Spitzenämter neu besetzt

Als nächstes müsse die strategische Ausrichtung der EU für die kommenden Jahre auf dem Gipfel im Mai im rumänischen Sibiu festgelegt werden. Zudem müssen nach den EU-Wahlen Ende nächsten Monats noch die Spitzenämter in der Union neu besetzt werden, betonte der EU-Kommissionspräsident. Und bis Oktober müsse der neue langfristige Haushalt der EU entschieden werden. Die Einigung sei wichtig, um laufende EU-Programme wie etwa in der Forschung nahtlos zu finanzieren.

Europaabgeordnete äußerten sich am Dienstag unterschiedlich zu den weiter ungewissen Aussichten. Der ÖVP-Delegationsleiter Othmar Karas sagte, es werde zu viel über den Brexit geredet, der zu viele Ressourcen binde. Sein Parteikollege Heinz Becker meinte, die Briten würden austreten, die Frage sei wann.

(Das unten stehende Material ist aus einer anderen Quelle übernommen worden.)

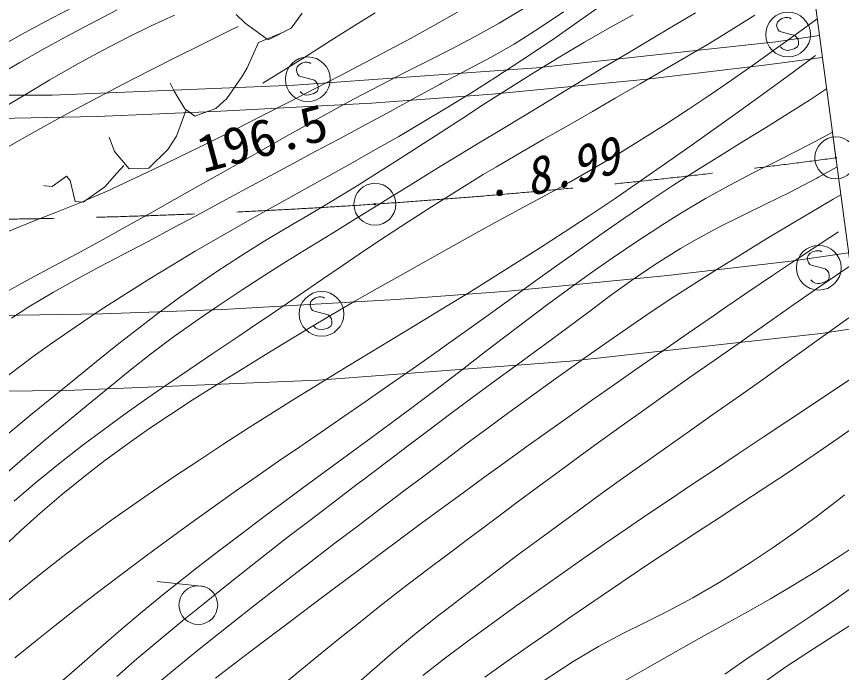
# Model space of a CAD drawing. Units: millimetres, scale not verified. Extents: x 40000 to 680000, y 20000 to 380000.
# Drawn here: x 290080 to 319458, y 246173 to 269548 of the extents above; entities that cross this region are included whole.
import ezdxf
from ezdxf.enums import TextEntityAlignment as Align

# ---------------------------------------------------------------- set-up
doc = ezdxf.new("R2010")
doc.units = ezdxf.units.MM
doc.header["$LTSCALE"] = 1000
doc.linetypes.add('CHAIN', pattern=[18.5, 12, -1.5, 3.5, -1.5])
doc.layers.add('S-BGD', color=7, linetype='Continuous', lineweight=13)
doc.styles.add('ＭＳ ゴシック', font='')
doc.styles.get('ＭＳ ゴシック').set_extended_font_data('MS Gothic')

msp = doc.modelspace()

# ---------------------------------------------------------------- linework, layer by layer
at = {"layer": 'S-BGD'}
for p, q in [((306713, 358312), (324985, 221665)), ((311025, 270039), (310142, 269404)), ((292140, 269901), (291314, 269472)), ((293668, 269783), (292690, 269274)), ((305781, 269701), (304941, 269225)), ((308214, 269882), (307266, 269312)), ((309557, 269719), (308698, 269126)), ((291314, 269472), (290490, 269032)), ((295702, 269596), (294872, 269209)), ((298211, 269318), (297903, 269619)), ((300251, 269660), (299862, 269128)), ((302853, 269680), (302102, 269210)), ((310142, 269404), (309214, 268756)), ((312044, 269603), (311198, 269140)), ((314260, 269683), (313475, 269211)), ((316378, 269593), (315518, 269056)), ((317245, 269422), (317176, 269342)), ((317338, 269476), (317245, 269422)), ((317458, 269508), (317338, 269476)), ((317543, 269515), (317458, 269508)), ((317609, 269503), (317543, 269515)), ((317664, 269468), (317609, 269503)), ((318593, 269469), (317843, 268923)), ((292690, 269274), (291812, 268809)), ((294872, 269209), (294029, 268800)), ((297673, 269043), (297947, 269175)), ((297947, 269175), (297968, 269186)), ((298226, 269305), (298211, 269318)), ((299001, 268743), (298226, 269305)), ((299862, 269128), (299070, 268726)), ((302102, 269210), (301277, 268692)), ((304941, 269225), (304129, 268777)), ((307266, 269312), (306391, 268819)), ((308698, 269126), (307797, 268560)), ((311198, 269140), (310304, 268633)), ((313475, 269211), (312677, 268738)), ((317176, 269342), (317148, 269243)), ((317148, 269243), (317168, 269153)), ((317168, 269153), (317188, 269096)), ((290490, 269032), (289660, 268573)), ((297202, 268812), (297673, 269043)), ((299611, 268995), (298694, 268616)), ((306391, 268819), (305559, 268378)), ((315518, 269056), (314707, 268563)), ((317843, 268923), (317052, 268350)), ((317123, 268641), (318673, 268872)), ((317188, 269096), (317239, 269027)), ((317239, 269027), (317305, 268999)), ((317305, 268999), (317791, 268869)), ((317791, 268869), (317856, 268812)), ((291812, 268809), (290993, 268362)), ((294029, 268800), (293137, 268340)), ((296558, 268494), (297202, 268812)), ((298694, 268616), (298289, 267714)), ((299070, 268726), (299001, 268743)), ((301277, 268692), (300342, 268104)), ((304129, 268777), (303323, 268342)), ((307797, 268560), (306982, 268101)), ((309020, 268623), (308073, 267986)), ((308598, 267719), (317123, 268641)), ((309214, 268756), (309020, 268623)), ((310304, 268633), (309370, 268076)), ((312677, 268738), (311847, 268246)), ((314707, 268563), (313916, 268095)), ((317856, 268812), (317913, 268723)), ((317923, 268548), (317887, 268464)), ((317913, 268723), (317930, 268628)), ((317930, 268628), (317923, 268548)), ((290993, 268362), (290195, 267910)), ((293137, 268340), (292238, 267845)), ((295767, 268099), (296558, 268494)), ((303323, 268342), (302500, 267908)), ((305559, 268378), (304743, 267962)), ((311847, 268246), (310964, 267718)), ((317052, 268350), (316290, 267805)), ((317358, 268397), (317281, 268471)), ((317436, 268355), (317358, 268397)), ((317519, 268340), (317436, 268355)), ((317599, 268349), (317519, 268340)), ((317777, 268397), (317599, 268349)), ((317887, 268464), (317777, 268397)), ((294857, 267637), (295767, 268099)), ((300342, 268104), (299260, 267424)), ((304743, 267962), (303914, 267546)), ((306982, 268101), (306157, 267664)), ((308073, 267986), (307153, 267386)), ((309370, 268076), (308420, 267490)), ((313916, 268095), (313120, 267630)), ((318779, 268081), (316794, 267823)), ((318102, 267841), (318530, 268159)), ((290195, 267910), (289378, 267426)), ((292238, 267845), (291265, 267286)), ((298289, 267714), (298123, 267434)), ((299980, 267102), (308598, 267719)), ((300073, 267748), (300045, 267650)), ((300045, 267650), (300065, 267560)), ((300142, 267829), (300073, 267748)), ((300235, 267883), (300142, 267829)), ((300355, 267915), (300235, 267883)), ((300440, 267921), (300355, 267915)), ((300506, 267910), (300440, 267921)), ((300560, 267875), (300506, 267910)), ((302500, 267908), (301640, 267460)), ((306157, 267664), (305226, 267167)), ((310964, 267718), (310011, 267138)), ((316794, 267823), (312539, 267319)), ((316290, 267805), (315540, 267278)), ((317341, 267279), (318102, 267841)), ((293851, 267119), (294857, 267637)), ((298123, 267434), (297573, 266629)), ((299260, 267424), (298854, 267169)), ((300065, 267560), (300084, 267503)), ((300084, 267503), (300136, 267434)), ((300136, 267434), (300202, 267406)), ((300202, 267406), (300688, 267275)), ((301640, 267460), (300720, 266985)), ((303914, 267546), (303045, 267105)), ((307153, 267386), (306257, 266819)), ((308420, 267490), (307554, 266945)), ((313120, 267630), (312290, 267150)), ((291265, 267286), (290396, 266773)), ((291350, 266743), (299980, 267102)), ((292777, 266555), (293851, 267119)), ((295698, 266881), (295558, 267170)), ((300688, 267275), (300753, 267218)), ((300753, 267218), (300810, 267130)), ((300810, 267130), (300827, 267035)), ((303045, 267105), (302106, 266611)), ((305172, 267138), (304183, 266597)), ((305226, 267167), (305172, 267138)), ((312539, 267319), (307023, 266780)), ((309982, 267120), (309032, 266538)), ((310011, 267138), (309982, 267120)), ((312290, 267150), (311400, 266635)), ((315540, 267278), (314782, 266757)), ((316561, 266707), (317341, 267279)), ((290396, 266773), (289587, 266280)), ((296077, 266262), (295698, 266881)), ((300720, 266985), (299798, 266509)), ((300255, 266803), (300177, 266878)), ((300333, 266762), (300255, 266803)), ((300415, 266747), (300333, 266762)), ((300674, 266804), (300496, 266756)), ((300784, 266870), (300674, 266804)), ((300819, 266954), (300784, 266870)), ((300827, 267035), (300819, 266954)), ((307023, 266780), (302735, 266464)), ((306257, 266819), (305384, 266281)), ((307554, 266945), (306746, 266430)), ((314782, 266757), (313998, 266232)), ((318927, 266971), (318318, 266568)), ((282726, 266730), (291350, 266743)), ((291661, 265956), (292777, 266555)), ((302735, 266464), (297132, 266161)), ((297573, 266629), (297177, 266268)), ((299798, 266509), (298813, 266003)), ((300496, 266756), (300415, 266747)), ((302106, 266611), (301689, 266385)), ((304183, 266597), (303260, 266096)), ((309032, 266538), (308162, 266010)), ((311400, 266635), (310594, 266165)), ((315758, 266124), (316561, 266707)), ((318318, 266568), (317529, 266065)), ((296117, 266218), (295783, 265281)), ((296430, 266000), (296077, 266262)), ((297177, 266268), (296430, 266000)), ((301689, 266385), (300704, 265843)), ((305384, 266281), (304529, 265768)), ((306746, 266430), (305970, 265929)), ((313998, 266232), (313168, 265691)), ((292944, 265987), (287297, 265868)), ((290528, 265332), (291661, 265956)), ((297132, 266161), (292944, 265987)), ((298813, 266003), (297919, 265548)), ((303260, 266096), (302389, 265626)), ((305970, 265929), (305200, 265431)), ((308162, 266010), (307346, 265517)), ((310594, 266165), (309664, 265627)), ((314926, 265527), (315758, 266124)), ((317529, 266065), (316751, 265582)), ((300704, 265843), (299796, 265337)), ((302389, 265626), (301555, 265178)), ((304529, 265768), (303691, 265277)), ((309664, 265627), (308840, 265159)), ((313168, 265691), (312275, 265125)), ((316751, 265582), (315969, 265102)), ((289404, 264694), (290528, 265332)), ((297919, 265548), (297079, 265127)), ((299796, 265337), (298944, 264859)), ((305200, 265431), (304411, 264920)), ((307346, 265517), (306558, 265042)), ((314062, 264914), (314926, 265527)), ((319134, 265422), (318770, 265223)), ((319256, 264511), (319123, 265503)), ((293566, 264735), (293374, 265248)), ((295783, 265281), (295474, 264809)), ((297079, 265127), (296257, 264722)), ((301555, 265178), (300742, 264743)), ((303691, 265277), (302867, 264803)), ((306558, 265042), (305771, 264566)), ((308840, 265159), (308039, 264702)), ((312275, 265125), (311548, 264675)), ((315969, 265102), (315168, 264609)), ((318770, 265223), (317947, 264795)), ((294088, 264114), (293566, 264735)), ((295474, 264809), (294792, 264140)), ((296257, 264722), (295416, 264316)), ((298944, 264859), (298129, 264398)), ((300742, 264743), (299934, 264312)), ((302867, 264803), (302053, 264343)), ((304411, 264920), (303577, 264384)), ((308039, 264702), (307176, 264196)), ((313160, 264283), (314062, 264914)), ((317947, 264795), (317133, 264385)), ((305771, 264566), (304958, 264072)), ((311548, 264675), (310609, 264114)), ((315168, 264609), (314335, 264087)), ((293903, 264236), (293656, 263961)), ((294792, 264140), (294088, 264114)), ((295416, 264316), (294519, 263890)), ((298129, 264398), (297331, 263946)), ((299934, 264312), (299116, 263874)), ((302053, 264343), (301248, 263893)), ((303577, 264384), (302673, 263810)), ((307176, 264196), (306704, 263912)), ((310609, 264114), (309759, 263633)), ((312217, 263630), (313160, 264283)), ((317133, 264385), (316315, 263972)), ((319299, 264191), (318641, 263824)), ((291860, 263859), (291356, 263495)), ((291989, 263705), (291860, 263859)), ((293656, 263961), (293226, 263483)), ((294519, 263890), (293531, 263428)), ((297331, 263946), (296531, 263491)), ((299116, 263874), (298273, 263422)), ((301248, 263893), (300449, 263449)), ((304958, 264072), (304095, 263541)), ((306704, 263912), (305745, 263322)), ((314335, 264087), (313453, 263521)), ((316315, 263972), (315479, 263537)), ((318641, 263824), (318584, 263792)), ((291103, 263516), (291050, 263529)), ((292164, 262953), (291989, 263705)), ((302243, 263540), (301307, 262965)), ((302673, 263810), (302243, 263540)), ((304095, 263541), (303153, 262957)), ((309759, 263633), (308948, 263193)), ((311395, 263068), (312217, 263630)), ((315479, 263537), (314612, 263058)), ((318584, 263792), (317625, 263283)), ((291356, 263495), (291103, 263516)), ((293388, 263361), (292397, 262929)), ((293226, 263483), (292449, 262935)), ((293531, 263428), (293388, 263361)), ((296531, 263491), (295709, 263026)), ((298273, 263422), (297390, 262947)), ((300449, 263449), (299653, 263007)), ((305745, 263322), (304859, 262765)), ((313453, 263521), (312634, 262978)), ((317625, 263283), (316757, 262856)), ((292449, 262935), (292164, 262953)), ((295709, 263026), (294846, 262541)), ((297390, 262947), (296451, 262438)), ((299653, 263007), (298857, 262562)), ((301307, 262965), (300457, 262459)), ((303153, 262957), (303101, 262924)), ((308948, 263193), (308131, 262756)), ((310473, 262450), (311395, 263068)), ((312634, 262978), (311707, 262349)), ((314612, 263058), (313698, 262517)), ((319163, 263035), (318348, 262552)), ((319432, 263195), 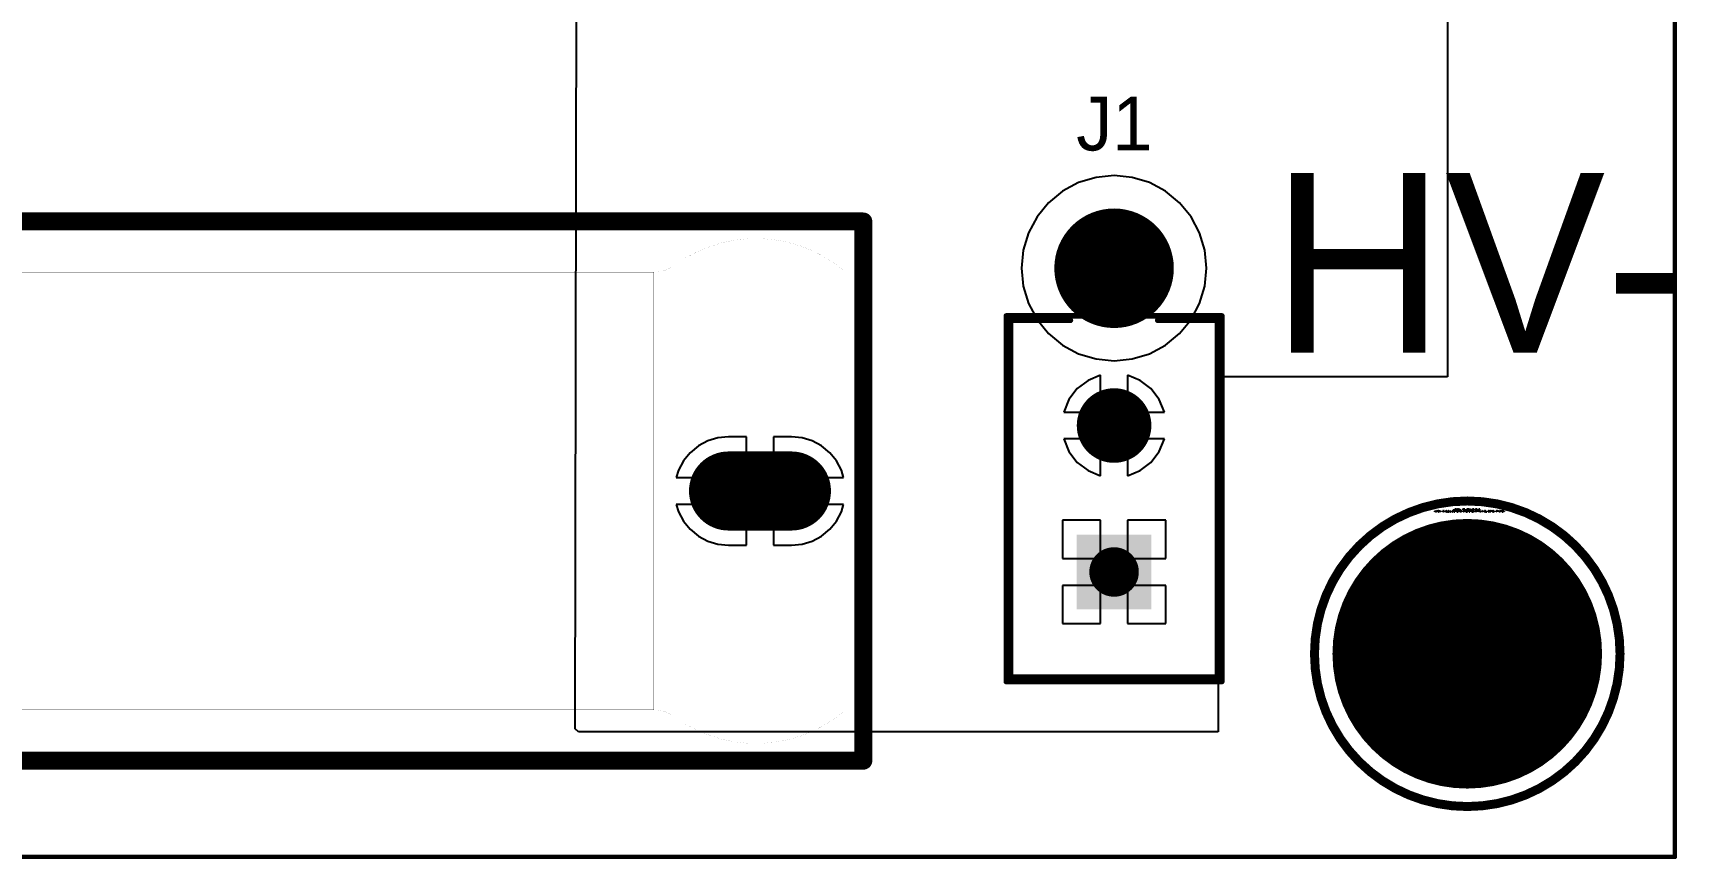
# Model space of a CAD drawing. Header units: millimetres. Extents: x 0 to 5.19, y 0 to 3.53.
# Drawn here: x 3.364 to 5.193, y -0.003 to 0.917 of the extents above; entities that cross this region are included whole.
import ezdxf

# ---------------------------------------------------------------- set-up
doc = ezdxf.new("R2010")
doc.units = ezdxf.units.MM
doc.header["$MEASUREMENT"] = 0
for name, color, linetype in [('BottomLayer', 5, 'Continuous'), ('BottomSolder', 6, 'Continuous'), ('KeepOutLayer', 6, 'Continuous'), ('Mechanical3', 76, 'Continuous'), ('Mechanical32', 56, 'Continuous'), ('Mechanical4', 56, 'Continuous'), ('Mechanical5', 56, 'Continuous'), ('Mechanical6', 56, 'Continuous'), ('Mechanical7', 56, 'Continuous'), ('MultiLayer', 9, 'Continuous'), ('PadHoleLayer', 156, 'Continuous'), ('TopLayer', 1, 'Continuous'), ('TopOverlay', 2, 'Continuous'), ('TopSolder', 216, 'Continuous')]:
    doc.layers.add(name, color=color, linetype=linetype)

# ---------------------------------------------------------------- blocks, each defined once
blk = doc.blocks.new('L25_7')
at = {"layer": 'BottomLayer', "const_width": 0.08}
blk.add_lwpolyline([(1.77, 0.0001), (1.84, 0.0001)], dxfattribs=at)
at = {"layer": 'BottomLayer', "const_width": 0.04}
for points in [[(1.75, 0.0001, 1), (1.79, 0.0001, 1)], [(1.82, 0.0001, 1), (1.86, 0.0001, 1)]]:
    blk.add_lwpolyline(points, format="xyb", close=True, dxfattribs=at)
at = {"layer": 'BottomSolder', "const_width": 0.088}
blk.add_lwpolyline([(1.77, 0.0001), (1.84, 0.0001)], dxfattribs=at)
at = {"layer": 'BottomSolder', "const_width": 0.044}
for points in [[(1.748, 0.0001, 1), (1.792, 0.0001, 1)], [(1.818, 0.0001, 1), (1.862, 0.0001, 1)]]:
    blk.add_lwpolyline(points, format="xyb", close=True, dxfattribs=at)
at = {"layer": 'Mechanical3', "const_width": 0.00005}
for points in [[(1.7102, 0.2514, -0.351487), (1.9005, 0.2436)], [(1.7102, 0.2514, -0.160107), (1.6865, 0.2436)], [(1.6865, -0.2434, -0.160107), (1.7102, -0.2512)], [(1.9005, -0.2434, -0.351487), (1.7102, -0.2512)]]:
    blk.add_lwpolyline(points, format="xyb", dxfattribs=at)
for points in [[(0.1145, 0.2436), (1.6865, 0.2436)], [(1.6865, 0.0001), (1.6865, 0.2436)], [(1.7102, 0.0001), (1.7102, 0.2514)], [(1.9005, 0.0001), (1.9005, 0.2436)], [(1.6865, -0.2434), (1.6865, 0.0001)], [(1.7102, -0.2512), (1.7102, 0.0001)], [(1.7505, -0.0099), (1.7505, 0.0101)], [(1.7505, 0.0101), (1.7605, 0.0101)], [(1.7605, 0.0101), (1.8405, 0.0101)], [(1.7605, -0.0099), (1.7605, 0.0101)], [(1.8405, 0.0101), (1.8505, 0.0101)], [(1.8405, -0.0099), (1.8405, 0.0101)], [(1.8505, -0.0099), (1.8505, 0.0101)], [(1.9005, -0.2434), (1.9005, 0.0001)], [(1.7505, -0.0099), (1.7605, -0.0099)], [(1.7605, -0.0099), (1.8405, -0.0099)], [(1.8405, -0.0099), (1.8505, -0.0099)], [(0.1145, -0.2434), (1.6865, -0.2434)]]:
    blk.add_lwpolyline(points, dxfattribs=at)
at = {"layer": 'Mechanical3', "const_width": 0.000025}
for points in [[(1.6865, 0.2436, 1), (1.6865, 0.2436, 1)], [(1.6865, 0.2436, 1), (1.6865, 0.2436, 1)], [(1.6865, 0.2436, 1), (1.6865, 0.2436, 1)], [(1.7102, 0.2514, 1), (1.7103, 0.2514, 1)], [(1.7102, 0.2514, 1), (1.7103, 0.2514, 1)], [(1.7102, 0.2514, 1), (1.7103, 0.2514, 1)], [(1.9005, 0.2436, 1), (1.9005, 0.2436, 1)], [(1.9005, 0.2436, 1), (1.9005, 0.2436, 1)], [(1.6865, 0.0001, 1), (1.6865, 0.0001, 1)], [(1.6865, 0.0001, 1), (1.6865, 0.0001, 1)], [(1.7102, 0.0001, 1), (1.7103, 0.0001, 1)], [(1.7102, 0.0001, 1), (1.7103, 0.0001, 1)], [(1.7505, 0.0101, 1), (1.7505, 0.0101, 1)], [(1.7505, 0.0101, 1), (1.7505, 0.0101, 1)], [(1.7605, 0.0101, 1), (1.7605, 0.0101, 1)], [(1.7605, 0.0101, 1), (1.7605, 0.0101, 1)], [(1.7605, 0.0101, 1), (1.7605, 0.0101, 1)], [(1.8405, 0.0101, 1), (1.8405, 0.0101, 1)], [(1.8405, 0.0101, 1), (1.8405, 0.0101, 1)], [(1.8405, 0.0101, 1), (1.8405, 0.0101, 1)], [(1.8505, 0.0101, 1), (1.8505, 0.0101, 1)], [(1.8505, 0.0101, 1), (1.8505, 0.0101, 1)], [(1.9005, 0.0001, 1), (1.9005, 0.0001, 1)], [(1.9005, 0.0001, 1), (1.9005, 0.0001, 1)], [(1.7505, -0.0099, 1), (1.7505, -0.0099, 1)], [(1.7505, -0.0099, 1), (1.7505, -0.0099, 1)], [(1.7605, -0.0099, 1), (1.7605, -0.0099, 1)], [(1.7605, -0.0099, 1), (1.7605, -0.0099, 1)], [(1.7605, -0.0099, 1), (1.7605, -0.0099, 1)], [(1.8405, -0.0099, 1), (1.8405, -0.0099, 1)], [(1.8405, -0.0099, 1), (1.8405, -0.0099, 1)], [(1.8405, -0.0099, 1), (1.8405, -0.0099, 1)], [(1.8505, -0.0099, 1), (1.8505, -0.0099, 1)], [(1.8505, -0.0099, 1), (1.8505, -0.0099, 1)], [(1.6865, -0.2434, 1), (1.6865, -0.2434, 1)], [(1.6865, -0.2434, 1), (1.6865, -0.2434, 1)], [(1.6865, -0.2434, 1), (1.6865, -0.2434, 1)], [(1.7102, -0.2512, 1), (1.7103, -0.2512, 1)], [(1.7102, -0.2512, 1), (1.7103, -0.2512, 1)], [(1.7102, -0.2512, 1), (1.7103, -0.2512, 1)], [(1.9005, -0.2434, 1), (1.9005, -0.2434, 1)], [(1.9005, -0.2434, 1), (1.9005, -0.2434, 1)]]:
    blk.add_lwpolyline(points, format="xyb", close=True, dxfattribs=at)
at = {"layer": 'MultiLayer', "const_width": 0.08}
blk.add_lwpolyline([(1.77, 0.0001), (1.84, 0.0001)], dxfattribs=at)
at = {"layer": 'MultiLayer', "const_width": 0.04}
for points in [[(1.75, 0.0001, 1), (1.79, 0.0001, 1)], [(1.82, 0.0001, 1), (1.86, 0.0001, 1)]]:
    blk.add_lwpolyline(points, format="xyb", close=True, dxfattribs=at)
at = {"layer": 'PadHoleLayer', "const_width": 0.0112}
blk.add_lwpolyline([(1.8369, -0.0168), (1.7731, -0.0168, -1), (1.7731, 0.017), (1.8369, 0.017, -1)], format="xyb", close=True, dxfattribs=at)
at = {"layer": 'TopLayer', "const_width": 0.08}
blk.add_lwpolyline([(1.77, 0.0001), (1.84, 0.0001)], dxfattribs=at)
at = {"layer": 'TopLayer', "const_width": 0.04}
for points in [[(1.75, 0.0001, 1), (1.79, 0.0001, 1)], [(1.82, 0.0001, 1), (1.86, 0.0001, 1)]]:
    blk.add_lwpolyline(points, format="xyb", close=True, dxfattribs=at)
at = {"layer": 'TopOverlay', "const_width": 0.02}
for points in [[(-0.12, 0.3), (1.92, 0.3)], [(1.92, -0.3), (1.92, 0.3)], [(-0.12, -0.3), (1.92, -0.3)]]:
    blk.add_lwpolyline(points, dxfattribs=at)
at = {"layer": 'TopOverlay', "const_width": 0.01}
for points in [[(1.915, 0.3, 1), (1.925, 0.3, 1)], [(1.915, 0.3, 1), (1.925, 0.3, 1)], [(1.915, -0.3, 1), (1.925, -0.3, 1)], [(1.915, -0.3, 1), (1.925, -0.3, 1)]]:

Der SPÖ-Europamandatar Josef Weidenholzer meinte indes klipp und klar: "Es wird keinen Brexit geben". Der FPÖ-Delegationsleiter Harald Vilimsky bezeichnete die Briten als "orientierungslos". Die grüne Europamandatarin Monika Vana wiederum war mit der jüngsten weiteren Verschiebung des Brexit nicht einverstanden und meinte, dass damit "die Erpressung der EU" weiter gehe.